Je connaissais la procédure sur le bout des doigts, je savais par exemple qu’après l’injection une impression de chaleur allait naître au niveau du coxis, en se diffusant ensuite à l’ensemble de mon organisme et que la machine allait reprendre son travail. Le tube à rayons X et le détecteur associé allaient tourner autour de moi à toute vitesse découpant pour la 35ème fois mon anatomie en des dizaines de clichés qui allaient une fois de plus parler, interdisant ainsi au vilain lutin, de cacher ses éventuelles nouvelles mauvaises intentions.
« Ça va monsieur Gautier ? »
« Oui impeccable. »
« Je vais vous libérer »
Elle fit descendre lentement la table d’examen pour que je puisse poser les pieds par terre.

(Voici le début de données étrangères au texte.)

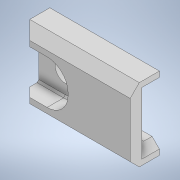
# Autodesk Inventor part: BatteryHolderFixture
Saved by Autodesk Inventor 2022 (Build 260153000, 153)
## iProperties
Created: 2021-04-26
Part Number: BatteryHolderFixture
Material: Generic
Document SubType Name: Modeling
Designer: lgnds
Density: 1 g/cm^3
Appearance: Default
Author: lgnds
## iProperties of the stored document BatteryHolderFixture_3DPrint.ipt
Created: 2021-04-26
Part Number: BatteryHolderFixture_3DPrint
Material: Generic
Document SubType Name: Modeling
Designer: lgnds
Density: 1 g/cm^3
Appearance: Default
Author: lgnds
Autodesk Inventor part; units mm, degrees
ref_plane "YZ Plane" through (0, 0, 0) normal (1, 0, 0) x (0, 1, 0)
ref_plane "XZ Plane" through (0, 0, 0) normal (0, 1, 0) x (-1, 0, 0)
ref_plane "XY Plane" through (0, 0, 0) normal (0, 0, 1) x (1, 0, 0)
sketch "Sketch1" plane through (0, 0, 0) normal (0, 0, 1) x (1, 0, 0)
  line L0 (-15, -10) -> (15, -10)
  line L1 (15, -10) -> (15, 10)
  line L2 (15, 10) -> (-15, 10)
  line L3 (-15, 10) -> (-15, -10)
  line L4 (-15, -10) -> (15, 10) construction
  line L5 (15, -10) -> (-15, 10) construction
  point P0 (0, 0)
  dimension "d0" = 20
  dimension "d1" = 30
  constraints: 12 end point, 2 midpoint, 2 parallel, 1 horizontal, 1 perpendicular
  measures "d0" distance between parallel lines of L0 L2
  measures "d1" distance between parallel lines of L3 L1
extrude "Extrusion1" add sketch "Sketch1" along normal blind 8
sketch "Sketch2" plane through (15, -10, 0) normal (1, 0, 0) x (0, 0, -1)
  line L0 (-9.6, 10) -> (1.6, 10) projected
  line L1 (0, 0) -> (0, 20) projected
  line L2 (0, 3.5) -> (-2.8, 3.5)
  line L3 (-2.8, 3.5) -> (-2.8, 16.5)
  line L4 (-2.8, 16.5) -> (0, 16.5)
  line L5 (0, 16.5) -> (0, 3.5)
  point P0 (0, 10)
  point P1 (0, 16.5)
  dimension "d4" = 2.8
  dimension "d5" = 13
  dimension "d6" = 6.5
  constraints: 8 end point, 2 parallel, 1 horizontal, 1 perpendicular, 1 point on line
  measures "d4" distance between parallel lines of L3 L1
  measures "d5" distance between parallel lines of L4 L2
  measures "d6" distance between parallel lines of L0 L2
extrude "Extrusion2" cut sketch "Sketch2" against normal blind 15
chamfer "Chamfer1" distance 2 angle 45 3 edges at (15, 0, 2.8) (15, 6.5, 1.4) (15, -6.5, 1.4)
chamfer "Chamfer2" distance 0.5 angle 45 2 edges at (6.5, 6.5, 2.8) (6.5, -6.5, 2.8)
sketch "Sketch3" plane through (0, 0, 8) normal (0, 0, 1) x (1, 0, 0)
  line L0 (-21, 0) -> (21, 0) projected
  line L1 (-2, -6) -> (-15, -6)
  line L2 (-15, -6) -> (-15, 6)
  line L3 (-15, 6) -> (-2, 6)
  line L4 (-2, 6) -> (-2, -6)
  line L5 (-2, -6) -> (-15, 6) construction
  line L6 (-15, -6) -> (-2, 6) construction
  line L7 (-15, 10) -> (-15, -10) projected
  line L8 (0, -6) -> (0, 6) projected
  point P0 (0, 0)
  point P1 (-8.5, 0)
  dimension "d15" = 2
  dimension "d16" = 12
  constraints: 12 end point, 2 midpoint, 2 parallel, 2 point on line, 1 horizontal, 1 perpendicular
  measures "d15" distance between parallel lines of L8 L4
  measures "d16" distance between parallel lines of L1 L3
extrude "Extrusion3" cut sketch "Sketch3" against normal blind 5
chamfer "Chamfer3" distance 2.5 angle 45 2 edges at (0, 10, 8) (0, -10, 8)
fillet "Fillet1" radius 5.75 2 edges at (-2, 6, 5.5) (-2, -6, 5.5)
chamfer "Chamfer4" distance 2.5 angle 45 2 edges at (-15, -6.75, 8) (-15, 6.75, 8)
sketch "Sketch4" plane through (0, 0, 3) normal (0, 0, 1) x (1, 0, 0)
  line L0 (-21, 0) -> (21, 0) projected
  circle A0 centre (-7.75, 0) radius 2.8
  arc A1 (-2, 0.25) -> (-7.75, 6) centre (-7.75, 0.25) ccw projected
  line L1 (-7.75, -6) -> (-15, -6) projected
  line L2 (-7.75, 6) -> (-7.75, -6) construction
  point P0 (0, 0)
  dimension "d26" = 5.6
  dimension "d27" = 0
  constraints: 2 end point, 1 centre point, 1 point on line, 1 vertical
  measures "d26" diameter of A0
  measures "d27" distance from line of A0.centre L2
extrude "Extrusion4" cut sketch "Sketch4" against normal blind 5
chamfer "Chamfer5" distance 0.5 angle 45 5 edges at (-3.6841, 4.3159, 3) (-11.375, 6, 3) (-2, 0, 3) (-3.6841, -4.3159, 3) (-11.375, -6, 3)
equation "\"d6\" = 0.5 * d5"
body "Solid1"

Elle dut m’aider à me redresser, car j’étais complètement ankylosé.
« Il faudra boire abondamment monsieur Gautier, pour bien éliminer le produit. »
Mon interlocutrice faisait bien de me le rappeler, car lorsque je n’avais pas soif, comme c’était d’ailleurs le cas au moment où elle me parlait, j’avais tendance à oublier d’avaler régulièrement un grand verre d’eau.
De toute cette chienlit que la maladie avait provoqué dans mon existence, c’était l’épreuve de ‘’ l’audience à huit clos’’ que je redoutais le plus, et j’étais sur le point de la vivre.
« Allez-y. Je vous raccompagne jusqu’à votre cabine, si vous le voulez bien. Je vais vous débarrasser de cet encombrant matériel. »
L’assistante technique médicale de radiologie, tel était son grade, je venais l’apprendre en lisant la petite étiquette épinglée sur se blouse, retira ma perfusion en un clin d’œil, sans que je ressente la moindre douleur.
« Vous pouvez vous rhabiller, ensuite vous patienterez un peu, le médecin viendra vous communiquer les résultats. »
Je sentis le rouge me monter au visage, aux oreilles et dans le cou, comme si une poche d’eau s’était rompue laissant se répandre le liquide chaud à l’intérieur de ma tête. A l’inverse le reste de mon corps était plutôt transi.
Gérer un surplus de stress, sans se laisser déborder, voilà à quelle épreuve il fallait se confronter. J’étais loin d’être un seigneur dans l’art de la maîtrise de soi, et huit ans d’expérience n’y changeaient rien.
Nous étions en octobre, j’avais donc un peu plus de vêtements à revêtir qu’en été. Je prenais bien mon temps à les enfiler. Adepte des sabots ou des chaussures sans lacets, je pestais de devoir porter mes ‘Caterpillar’ qu’il fallait délacer, enfiler avec un chausse-pied, relacer, avant de pouvoir débuter ma journée. Cette fois ‘’la manipulation’’ habituellement tant décriée, me rendait un bien grand service, car je voulais rester le moins longtemps possible à ne rien faire d’autre qu’à attendre.